REQUIRED WORK: An exact copy of the entries is required, excluding any pictures.

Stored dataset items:

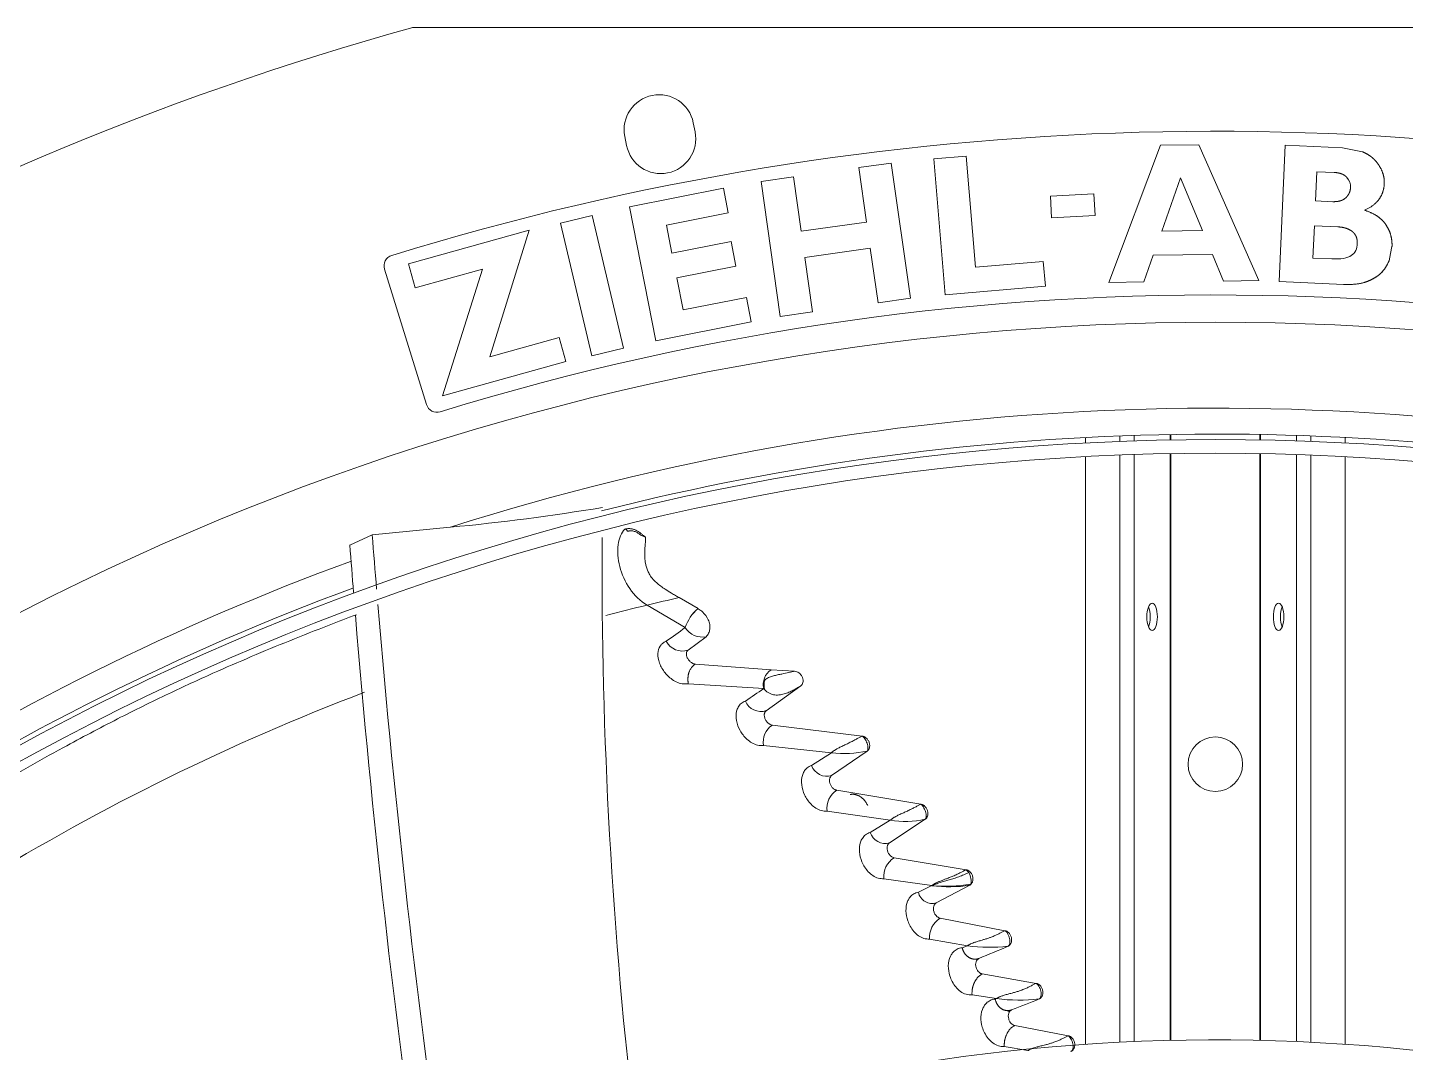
# Model space of a CAD drawing. Header units: millimetres. Extents: x 113490 to 142599, y -20467 to 115.
# Drawn here: x 122741.5 to 122994.1, y -11016.3 to -10828.5 of the extents above; entities that cross this region are included whole.
import ezdxf

# ---------------------------------------------------------------- set-up
doc = ezdxf.new("R2010")
doc.units = ezdxf.units.MM
doc.layers.add('DV3_0', color=7, linetype='Continuous')

msp = doc.modelspace()

# ---------------------------------------------------------------- linework, layer by layer
at = {"layer": 'DV3_0', "color": 7, "linetype": 'Continuous', "lineweight": 15}
for p, q in [((122812.06, -10828.49), (123106.41, -10828.49)), ((122863.84, -10847.61), (122863.51, -10845.94)), ((122850.96, -10848.44), (122851.29, -10850.1)), ((122949.18, -10850.07), (122939.73, -10875.19)), ((122956.2, -10849.99), (122949.18, -10850.07)), ((122967.23, -10874.86), (122956.2, -10849.99)), ((122972.07, -10850.05), (122970.94, -10875.02)), ((122982.53, -10850.52), (122972.07, -10850.05)), ((122986.21, -10851.26), (122982.53, -10850.52)), ((122899.83, -10853.32), (122893.89, -10854.16)), ((122903.33, -10878.07), (122899.83, -10853.32)), ((122913.58, -10852.03), (122907.61, -10852.53)), ((122907.61, -10852.53), (122909.69, -10877.44)), ((122915.28, -10872.39), (122913.58, -10852.03)), ((122881.9, -10855.85), (122875.96, -10856.69)), ((122883.31, -10865.83), (122881.9, -10855.85)), ((122893.89, -10854.16), (122895.3, -10864.13)), ((122949.41, -10865.8), (122952.85, -10856.01)), ((122952.85, -10856.01), (122956.87, -10865.71)), ((122977.61, -10860.26), (122977.85, -10854.9)), ((122977.85, -10854.9), (122981.03, -10855.04)), ((122869.06, -10857.95), (122851.81, -10861.35)), ((122869.94, -10862.45), (122869.06, -10857.95)), ((122875.96, -10856.69), (122879.46, -10881.45)), ((122936.99, -10858.97), (122929, -10859.39)), ((122929, -10859.39), (122929.21, -10863.38)), ((122937.2, -10862.96), (122936.99, -10858.97)), ((122980.79, -10860.4), (122977.61, -10860.26)), ((122845, -10862.94), (122839.17, -10864.32)), ((122850.74, -10887.27), (122845, -10862.94)), ((122851.81, -10861.35), (122856.65, -10885.88)), ((122858.58, -10864.69), (122869.94, -10862.45)), ((122929.21, -10863.38), (122937.2, -10862.96)), ((122833.41, -10865.62), (122811.3, -10871.79)), ((122826.2, -10888.85), (122833.41, -10865.62)), ((122839.17, -10864.32), (122844.91, -10888.65)), ((122859.6, -10869.85), (122858.58, -10864.69)), ((122895.3, -10864.13), (122883.31, -10865.83)), ((122956.87, -10865.71), (122949.41, -10865.8)), ((122977.13, -10870.74), (122977.4, -10864.82)), ((122977.4, -10864.82), (122981.67, -10865.01)), ((122870.45, -10867.71), (122859.6, -10869.85)), ((122871.33, -10872.19), (122870.45, -10867.71)), ((122991.2, -10870.9), (122991.63, -10868.61)), ((122883.98, -10870.6), (122895.97, -10868.9)), ((122885.39, -10880.61), (122883.98, -10870.6)), ((122895.97, -10868.9), (122897.39, -10878.91)), ((122946.12, -10875.11), (122947.87, -10870.19)), ((122947.87, -10870.19), (122958.71, -10870.06)), ((122958.71, -10870.06), (122960.74, -10874.94)), ((122980.59, -10870.89), (122977.13, -10870.74)), ((122806.9, -10872.75), (122814.61, -10897.58)), ((122811.3, -10871.79), (122812.53, -10876.2)), ((122812.53, -10876.2), (122824.85, -10872.76)), ((122824.85, -10872.76), (122817.54, -10896)), ((122860.48, -10874.33), (122871.33, -10872.19)), ((122927.69, -10871.36), (122915.28, -10872.39)), ((122928.07, -10875.9), (122927.69, -10871.36)), ((122861.65, -10880.24), (122860.48, -10874.33)), ((122909.69, -10877.44), (122928.07, -10875.9)), ((122939.73, -10875.19), (122946.12, -10875.11)), ((122960.74, -10874.94), (122967.23, -10874.86)), ((122970.94, -10875.02), (122982.74, -10875.56)), ((122873.27, -10877.95), (122861.65, -10880.24)), ((122874.16, -10882.43), (122873.27, -10877.95)), ((122897.39, -10878.91), (122903.33, -10878.07)), ((122879.46, -10881.45), (122885.39, -10880.61)), ((122856.65, -10885.88), (122874.16, -10882.43)), ((122838.91, -10885.3), (122826.2, -10888.85)), ((122840.13, -10889.7), (122838.91, -10885.3)), ((122844.91, -10888.65), (122850.74, -10887.27)), ((122817.54, -10896), (122840.13, -10889.7)), ((122935.43, -10904.61), (122935.43, -10903.61)), ((122951.09, -10904.06), (122951.09, -10903.06)), ((122967.39, -10903.06), (122967.39, -10904.06)), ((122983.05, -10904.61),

SOLUTION:
# Model space of a CAD drawing. Header units: millimetres. Extents: x 113490 to 142599, y -20467 to 115.
# Drawn here: x 122741.5 to 122994.1, y -11016.3 to -10828.5 of the extents above; entities that cross this region are included whole.
import ezdxf

# ---------------------------------------------------------------- set-up
doc = ezdxf.new("R2010")
doc.units = ezdxf.units.MM
doc.layers.add('DV3_0', color=7, linetype='Continuous')

msp = doc.modelspace()

# ---------------------------------------------------------------- linework, layer by layer
at = {"layer": 'DV3_0', "color": 7, "linetype": 'Continuous', "lineweight": 15}
for p, q in [((122812.06, -10828.49), (123106.41, -10828.49)), ((122863.84, -10847.61), (122863.51, -10845.94)), ((122850.96, -10848.44), (122851.29, -10850.1)), ((122949.18, -10850.07), (122939.73, -10875.19)), ((122956.2, -10849.99), (122949.18, -10850.07)), ((122967.23, -10874.86), (122956.2, -10849.99)), ((122972.07, -10850.05), (122970.94, -10875.02)), ((122982.53, -10850.52), (122972.07, -10850.05)), ((122986.21, -10851.26), (122982.53, -10850.52)), ((122899.83, -10853.32), (122893.89, -10854.16)), ((122903.33, -10878.07), (122899.83, -10853.32)), ((122913.58, -10852.03), (122907.61, -10852.53)), ((122907.61, -10852.53), (122909.69, -10877.44)), ((122915.28, -10872.39), (122913.58, -10852.03)), ((122881.9, -10855.85), (122875.96, -10856.69)), ((122883.31, -10865.83), (122881.9, -10855.85)), ((122893.89, -10854.16), (122895.3, -10864.13)), ((122949.41, -10865.8), (122952.85, -10856.01)), ((122952.85, -10856.01), (122956.87, -10865.71)), ((122977.61, -10860.26), (122977.85, -10854.9)), ((122977.85, -10854.9), (122981.03, -10855.04)), ((122869.06, -10857.95), (122851.81, -10861.35)), ((122869.94, -10862.45), (122869.06, -10857.95)), ((122875.96, -10856.69), (122879.46, -10881.45)), ((122936.99, -10858.97), (122929, -10859.39)), ((122929, -10859.39), (122929.21, -10863.38)), ((122937.2, -10862.96), (122936.99, -10858.97)), ((122980.79, -10860.4), (122977.61, -10860.26)), ((122845, -10862.94), (122839.17, -10864.32)), ((122850.74, -10887.27), (122845, -10862.94)), ((122851.81, -10861.35), (122856.65, -10885.88)), ((122858.58, -10864.69), (122869.94, -10862.45)), ((122929.21, -10863.38), (122937.2, -10862.96)), ((122833.41, -10865.62), (122811.3, -10871.79)), ((122826.2, -10888.85), (122833.41, -10865.62)), ((122839.17, -10864.32), (122844.91, -10888.65)), ((122859.6, -10869.85), (122858.58, -10864.69)), ((122895.3, -10864.13), (122883.31, -10865.83)), ((122956.87, -10865.71), (122949.41, -10865.8)), ((122977.13, -10870.74), (122977.4, -10864.82)), ((122977.4, -10864.82), (122981.67, -10865.01)), ((122870.45, -10867.71), (122859.6, -10869.85)), ((122871.33, -10872.19), (122870.45, -10867.71)), ((122991.2, -10870.9), (122991.63, -10868.61)), ((122883.98, -10870.6), (122895.97, -10868.9)), ((122885.39, -10880.61), (122883.98, -10870.6)), ((122895.97, -10868.9), (122897.39, -10878.91)), ((122946.12, -10875.11), (122947.87, -10870.19)), ((122947.87, -10870.19), (122958.71, -10870.06)), ((122958.71, -10870.06), (122960.74, -10874.94)), ((122980.59, -10870.89), (122977.13, -10870.74)), ((122806.9, -10872.75), (122814.61, -10897.58)), ((122811.3, -10871.79), (122812.53, -10876.2)), ((122812.53, -10876.2), (122824.85, -10872.76)), ((122824.85, -10872.76), (122817.54, -10896)), ((122860.48, -10874.33), (122871.33, -10872.19)), ((122927.69, -10871.36), (122915.28, -10872.39)), ((122928.07, -10875.9), (122927.69, -10871.36)), ((122861.65, -10880.24), (122860.48, -10874.33)), ((122909.69, -10877.44), (122928.07, -10875.9)), ((122939.73, -10875.19), (122946.12, -10875.11)), ((122960.74, -10874.94), (122967.23, -10874.86)), ((122970.94, -10875.02), (122982.74, -10875.56)), ((122873.27, -10877.95), (122861.65, -10880.24)), ((122874.16, -10882.43), (122873.27, -10877.95)), ((122897.39, -10878.91), (122903.33, -10878.07)), ((122879.46, -10881.45), (122885.39, -10880.61)), ((122856.65, -10885.88), (122874.16, -10882.43)), ((122838.91, -10885.3), (122826.2, -10888.85)), ((122840.13, -10889.7), (122838.91, -10885.3)), ((122844.91, -10888.65), (122850.74, -10887.27)), ((122817.54, -10896), (122840.13, -10889.7)), ((122935.43, -10904.61), (122935.43, -10903.61)), ((122951.09, -10904.06), (122951.09, -10903.06)), ((122967.39, -10903.06), (122967.39, -10904.06)), ((122983.05, -10904.61),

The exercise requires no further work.